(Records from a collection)
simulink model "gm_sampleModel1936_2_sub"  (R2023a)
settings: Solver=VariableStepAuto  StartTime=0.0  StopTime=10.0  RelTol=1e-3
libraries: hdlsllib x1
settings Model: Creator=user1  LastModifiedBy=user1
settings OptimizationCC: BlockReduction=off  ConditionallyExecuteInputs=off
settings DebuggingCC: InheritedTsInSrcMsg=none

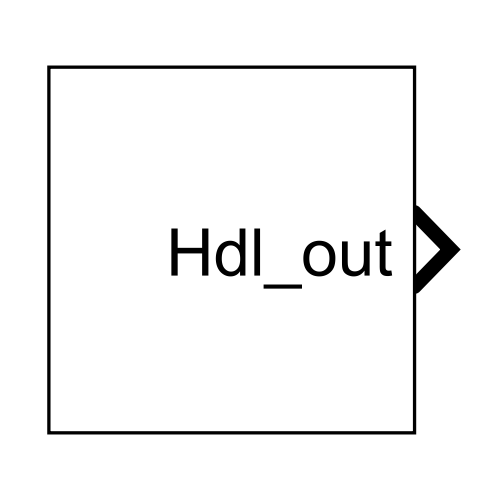
[thumbnail: Simulink's stored preview of the top-level diagram]
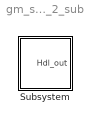
== system gm_sampleModel1936_2_sub ==
  Subsystem : Subsystem

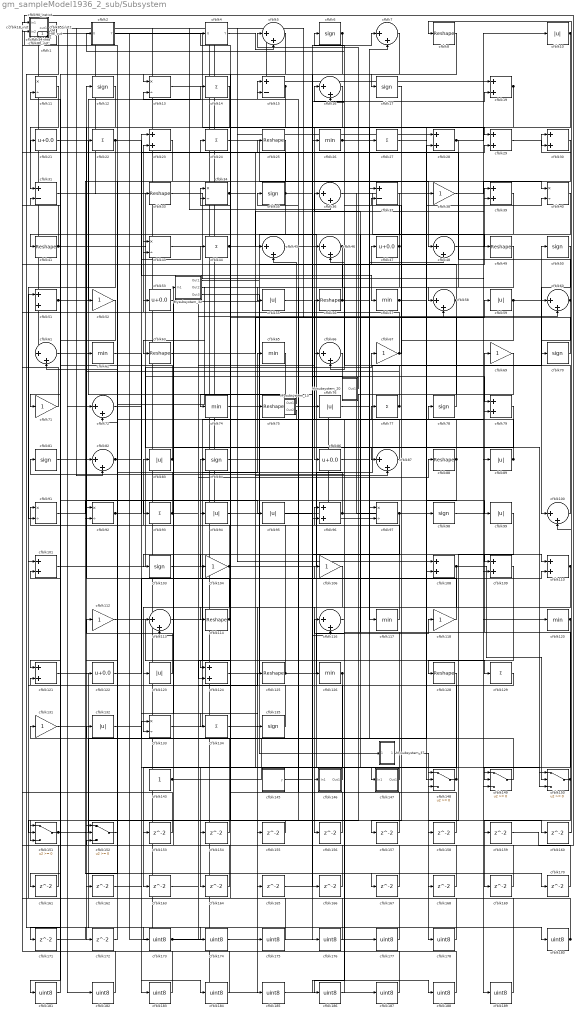
== system gm_sampleModel1936_2_sub/Subsystem ==
  Mysubsystem_13 : Subsystem
  Mysubsystem_20 : Subsystem
  Mysubsystem_32 : Subsystem
  Mysubsystem_37 : Subsystem
  cfblk1 : hdlsllib/Logic and Bit Operations/Interval Test  IntervalClosedRight=on  uplimit=0.5  IntervalClosedLeft=on  lowlimit=-0.5  OutDataTypeStr=uint8
  cfblk{10,55,59,76,83,89,94..95,99,123,132} (11 alike) : Abs  OutDataTypeStr=uint8  SaturateOnIntegerOverflow=off
  cfblk{5,7,16,36,45..46,48,58,60..61,66,72,82,87,100,113,116} (17 alike) : Sum  Inputs=|++  OutDataTypeStr=uint8
  cfblk{19,23,28..30,39,51,79,96,101,108..110,121,124} (15 alike) : Sum  OutDataTypeStr=uint8
  cfblk102_inst : Subsystem
  cfblk{6,12,17,35,50,70,78,81,84,98,103,135} (12 alike) : Signum
  cfblk{38,52,67,69,71,104,106,112,118,131} (10 alike) : Gain  OutDataTypeStr=uint8
  cfblk107_inst : Subsystem
  cfblk{11,13,34,40,43,91..92,97,133} (9 alike) : Product  Inputs=*/  OutDataTypeStr=uint8  RndMeth=Zero  SaturateOnIntegerOverflow=on
  cfblk111_inst : Subsystem
  cfblk{8,25,33,41,49,56,63,75,88,114,125,128} (12 alike) : Reshape
  cfblk115_inst : Subsystem
  cfblk{26,57,62,65,74,117,120,126} (8 alike) : MinMax  OutDataTypeStr=uint8
  cfblk{21,47,53,86,122} (5 alike) : Bias  Bias=0.0  SaturateOnIntegerOverflow=off
  cfblk{14,22,24,27,44,77,93,129,134} (9 alike) : Sum  Inputs=+  OutDataTypeStr=uint8
  cfblk130_inst : Subsystem
  cfblk136_inst : Subsystem
  cfblk143 : Constant  OutDataTypeStr=uint8  SampleTime=-1
  cfblk145 : Subsystem  mask(Counter Free-Running){NumBits=double(16), tsamp=double(-1)}
      mask prompts: NumBits "Simulink:masks:NumberOfBits_MP"; tsamp "Simulink:masks:SampleTime_MP"
      mask help: Simulink:masks:CounterFreeRunning_MD
  cfblk146 : Subsystem
  cfblk147 : Subsystem
  cfblk{148..152} (5 alike) : Switch  OutDataTypeStr=uint8  SaturateOnIntegerOverflow=off  InputSameDT=off
  cfblk15 : Sum  Inputs=+-  OutDataTypeStr=uint8
  cfblk{153..172} (20 alike) : Delay  SampleTime=1
  cfblk{173..178,180..189} (16 alike) : DataTypeConversion  OutDataTypeStr=uint8  SaturateOnIntegerOverflow=off  RndMeth=Floor
  cfblk18_inst : Subsystem
  cfblk2 : Subsystem  mask(Detect Fall Nonpositive){vinit=double(0), InputProcessing=Elements as channels (sample based), OutDataTypeStr=uint8}
      mask prompts: vinit "Simulink:masks:InitialCondition_MP"; InputProcessing "Simulink:masks:InputProcessing_MP"; OutDataTypeStr "Simulink:masks:OutputDataType_MP"
      mask help: Simulink:masks:DetectFallNonpositive_MD
      mask init:
      | InputProcessing = 'Elements as channels (sample based)';
      | OutDataTypeStr = 'uint8';
      | vinit = double(0);
      mask TypeOptions InputProcessing: Simulink:masks:ColumnsAsChannelsFrameBased | Simulink:masks:ElementsAsChannelsSampleBased
      mask TypeOptions OutDataTypeStr: Simulink:masks:uint8 | Simulink:masks:boolean
      mask Display: fprintf('U <= 0\n&  NOT\nU/z <= 0')
  cfblk31 : Sum  Inputs=+-  OutDataTypeStr=uint8
  cfblk37 : Sum  Inputs=+-  OutDataTypeStr=uint8
  cfblk4 : Subsystem  mask(Detect Fall Nonpositive){vinit=double(0), InputProcessing=Elements as channels (sample based), OutDataTypeStr=uint8}
      mask prompts: vinit "Simulink:masks:InitialCondition_MP"; InputProcessing "Simulink:masks:InputProcessing_MP"; OutDataTypeStr "Simulink:masks:OutputDataType_MP"
      mask help: Simulink:masks:DetectFallNonpositive_MD
      mask init:
      | InputProcessing = 'Elements as channels (sample based)';
      | OutDataTypeStr = 'uint8';
      | vinit = double(0);
      mask TypeOptions InputProcessing: Simulink:masks:ColumnsAsChannelsFrameBased | Simulink:masks:ElementsAsChannelsSampleBased
      mask TypeOptions OutDataTypeStr: Simulink:masks:uint8 | Simulink:masks:boolean
      mask Display: fprintf('U <= 0\n&  NOT\nU/z <= 0')
  cfblk54_inst : Subsystem
  cfblk80_inst : Subsystem
  cfblk85_inst : Subsystem
  cfblk90_inst : Subsystem
  Hdl_out : Outport  OutDataTypeStr=uint8  SampleTime=1
  wires:
  Mysubsystem_13/1(Out1) -> cfblk45/2
  Mysubsystem_13/2(Out2) -> Mysubsystem_32/1(In1)
  Mysubsystem_20/1(Out1) -> cfblk5/1
  Mysubsystem_32/1(Out1) -> cfblk149/2
  Mysubsystem_32/2(Out2) -> cfblk151/3
  Mysubsystem_32/3(Out3) -> Mysubsystem_37/1(In1)
  Mysubsystem_37/1(Out1) -> cfblk178/1
  cfblk1/1 -> cfblk173/1
  cfblk10/1 -> cfblk86/1, cfblk74/1
  cfblk100/1 -> cfblk46/2
  cfblk101/1 -> cfblk67/1
  cfblk102_inst/1(out1) -> cfblk187/1
  cfblk103/1 -> cfblk129/1
  cfblk104/1 -> cfblk83/1, cfblk50/1, cfblk148/3, cfblk133/2
  cfblk106/1 -> cfblk185/1
  cfblk107_inst/1(out1) -> cfblk182/1
  cfblk108/1 -> cfblk150/2, cfblk123/1
  cfblk109/1 -> cfblk158/1
  cfblk11/1 -> cfblk31/1
  cfblk110/1 -> cfblk8/1, cfblk156/1
  cfblk111_inst/1(out1) -> cfblk60/2, cfblk45/1
  cfblk112/1 -> cfblk166/1
  cfblk113/1 -> cfblk69/1
  cfblk114/1 -> cfblk84/1, cfblk12/1
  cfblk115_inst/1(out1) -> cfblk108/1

**Task item**: Your copy should match the records above exactly, except that it contains no pictures.

**Final answer**:
simulink model "gm_sampleModel1936_2_sub"  (R2023a)
settings: Solver=VariableStepAuto  StartTime=0.0  StopTime=10.0  RelTol=1e-3
libraries: hdlsllib x1
settings Model: Creator=user1  LastModifiedBy=user1
settings OptimizationCC: BlockReduction=off  ConditionallyExecuteInputs=off
settings DebuggingCC: InheritedTsInSrcMsg=none

[thumbnail: Simulink's stored preview of the top-level diagram]
== system gm_sampleModel1936_2_sub ==
  Subsystem : Subsystem

== system gm_sampleModel1936_2_sub/Subsystem ==
  Mysubsystem_13 : Subsystem
  Mysubsystem_20 : Subsystem
  Mysubsystem_32 : Subsystem
  Mysubsystem_37 : Subsystem
  cfblk1 : hdlsllib/Logic and Bit Operations/Interval Test  IntervalClosedRight=on  uplimit=0.5  IntervalClosedLeft=on  lowlimit=-0.5  OutDataTypeStr=uint8
  cfblk{10,55,59,76,83,89,94..95,99,123,132} (11 alike) : Abs  OutDataTypeStr=uint8  SaturateOnIntegerOverflow=off
  cfblk{5,7,16,36,45..46,48,58,60..61,66,72,82,87,100,113,116} (17 alike) : Sum  Inputs=|++  OutDataTypeStr=uint8
  cfblk{19,23,28..30,39,51,79,96,101,108..110,121,124} (15 alike) : Sum  OutDataTypeStr=uint8
  cfblk102_inst : Subsystem
  cfblk{6,12,17,35,50,70,78,81,84,98,103,135} (12 alike) : Signum
  cfblk{38,52,67,69,71,104,106,112,118,131} (10 alike) : Gain  OutDataTypeStr=uint8
  cfblk107_inst : Subsystem
  cfblk{11,13,34,40,43,91..92,97,133} (9 alike) : Product  Inputs=*/  OutDataTypeStr=uint8  RndMeth=Zero  SaturateOnIntegerOverflow=on
  cfblk111_inst : Subsystem
  cfblk{8,25,33,41,49,56,63,75,88,114,125,128} (12 alike) : Reshape
  cfblk115_inst : Subsystem
  cfblk{26,57,62,65,74,117,120,126} (8 alike) : MinMax  OutDataTypeStr=uint8
  cfblk{21,47,53,86,122} (5 alike) : Bias  Bias=0.0  SaturateOnIntegerOverflow=off
  cfblk{14,22,24,27,44,77,93,129,134} (9 alike) : Sum  Inputs=+  OutDataTypeStr=uint8
  cfblk130_inst : Subsystem
  cfblk136_inst : Subsystem
  cfblk143 : Constant  OutDataTypeStr=uint8  SampleTime=-1
  cfblk145 : Subsystem  mask(Counter Free-Running){NumBits=double(16), tsamp=double(-1)}
      mask prompts: NumBits "Simulink:masks:NumberOfBits_MP"; tsamp "Simulink:masks:SampleTime_MP"
      mask help: Simulink:masks:CounterFreeRunning_MD
  cfblk146 : Subsystem
  cfblk147 : Subsystem
  cfblk{148..152} (5 alike) : Switch  OutDataTypeStr=uint8  SaturateOnIntegerOverflow=off  InputSameDT=off
  cfblk15 : Sum  Inputs=+-  OutDataTypeStr=uint8
  cfblk{153..172} (20 alike) : Delay  SampleTime=1
  cfblk{173..178,180..189} (16 alike) : DataTypeConversion  OutDataTypeStr=uint8  SaturateOnIntegerOverflow=off  RndMeth=Floor
  cfblk18_inst : Subsystem
  cfblk2 : Subsystem  mask(Detect Fall Nonpositive){vinit=double(0), InputProcessing=Elements as channels (sample based), OutDataTypeStr=uint8}
      mask prompts: vinit "Simulink:masks:InitialCondition_MP"; InputProcessing "Simulink:masks:InputProcessing_MP"; OutDataTypeStr "Simulink:masks:OutputDataType_MP"
      mask help: Simulink:masks:DetectFallNonpositive_MD
      mask init:
      | InputProcessing = 'Elements as channels (sample based)';
      | OutDataTypeStr = 'uint8';
      | vinit = double(0);
      mask TypeOptions InputProcessing: Simulink:masks:ColumnsAsChannelsFrameBased | Simulink:masks:ElementsAsChannelsSampleBased
      mask TypeOptions OutDataTypeStr: Simulink:masks:uint8 | Simulink:masks:boolean
      mask Display: fprintf('U <= 0\n&  NOT\nU/z <= 0')
  cfblk31 : Sum  Inputs=+-  OutDataTypeStr=uint8
  cfblk37 : Sum  Inputs=+-  OutDataTypeStr=uint8
  cfblk4 : Subsystem  mask(Detect Fall Nonpositive){vinit=double(0), InputProcessing=Elements as channels (sample based), OutDataTypeStr=uint8}
      mask prompts: vinit "Simulink:masks:InitialCondition_MP"; InputProcessing "Simulink:masks:InputProcessing_MP"; OutDataTypeStr "Simulink:masks:OutputDataType_MP"
      mask help: Simulink:masks:DetectFallNonpositive_MD
      mask init:
      | InputProcessing = 'Elements as channels (sample based)';
      | OutDataTypeStr = 'uint8';
      | vinit = double(0);
      mask TypeOptions InputProcessing: Simulink:masks:ColumnsAsChannelsFrameBased | Simulink:masks:ElementsAsChannelsSampleBased
      mask TypeOptions OutDataTypeStr: Simulink:masks:uint8 | Simulink:masks:boolean
      mask Display: fprintf('U <= 0\n&  NOT\nU/z <= 0')
  cfblk54_inst : Subsystem
  cfblk80_inst : Subsystem
  cfblk85_inst : Subsystem
  cfblk90_inst : Subsystem
  Hdl_out : Outport  OutDataTypeStr=uint8  SampleTime=1
  wires:
  Mysubsystem_13/1(Out1) -> cfblk45/2
  Mysubsystem_13/2(Out2) -> Mysubsystem_32/1(In1)
  Mysubsystem_20/1(Out1) -> cfblk5/1
  Mysubsystem_32/1(Out1) -> cfblk149/2
  Mysubsystem_32/2(Out2) -> cfblk151/3
  Mysubsystem_32/3(Out3) -> Mysubsystem_37/1(In1)
  Mysubsystem_37/1(Out1) -> cfblk178/1
  cfblk1/1 -> cfblk173/1
  cfblk10/1 -> cfblk86/1, cfblk74/1
  cfblk100/1 -> cfblk46/2
  cfblk101/1 -> cfblk67/1
  cfblk102_inst/1(out1) -> cfblk187/1
  cfblk103/1 -> cfblk129/1
  cfblk104/1 -> cfblk83/1, cfblk50/1, cfblk148/3, cfblk133/2
  cfblk106/1 -> cfblk185/1
  cfblk107_inst/1(out1) -> cfblk182/1
  cfblk108/1 -> cfblk150/2, cfblk123/1
  cfblk109/1 -> cfblk158/1
  cfblk11/1 -> cfblk31/1
  cfblk110/1 -> cfblk8/1, cfblk156/1
  cfblk111_inst/1(out1) -> cfblk60/2, cfblk45/1
  cfblk112/1 -> cfblk166/1
  cfblk113/1 -> cfblk69/1
  cfblk114/1 -> cfblk84/1, cfblk12/1
  cfblk115_inst/1(out1) -> cfblk108/1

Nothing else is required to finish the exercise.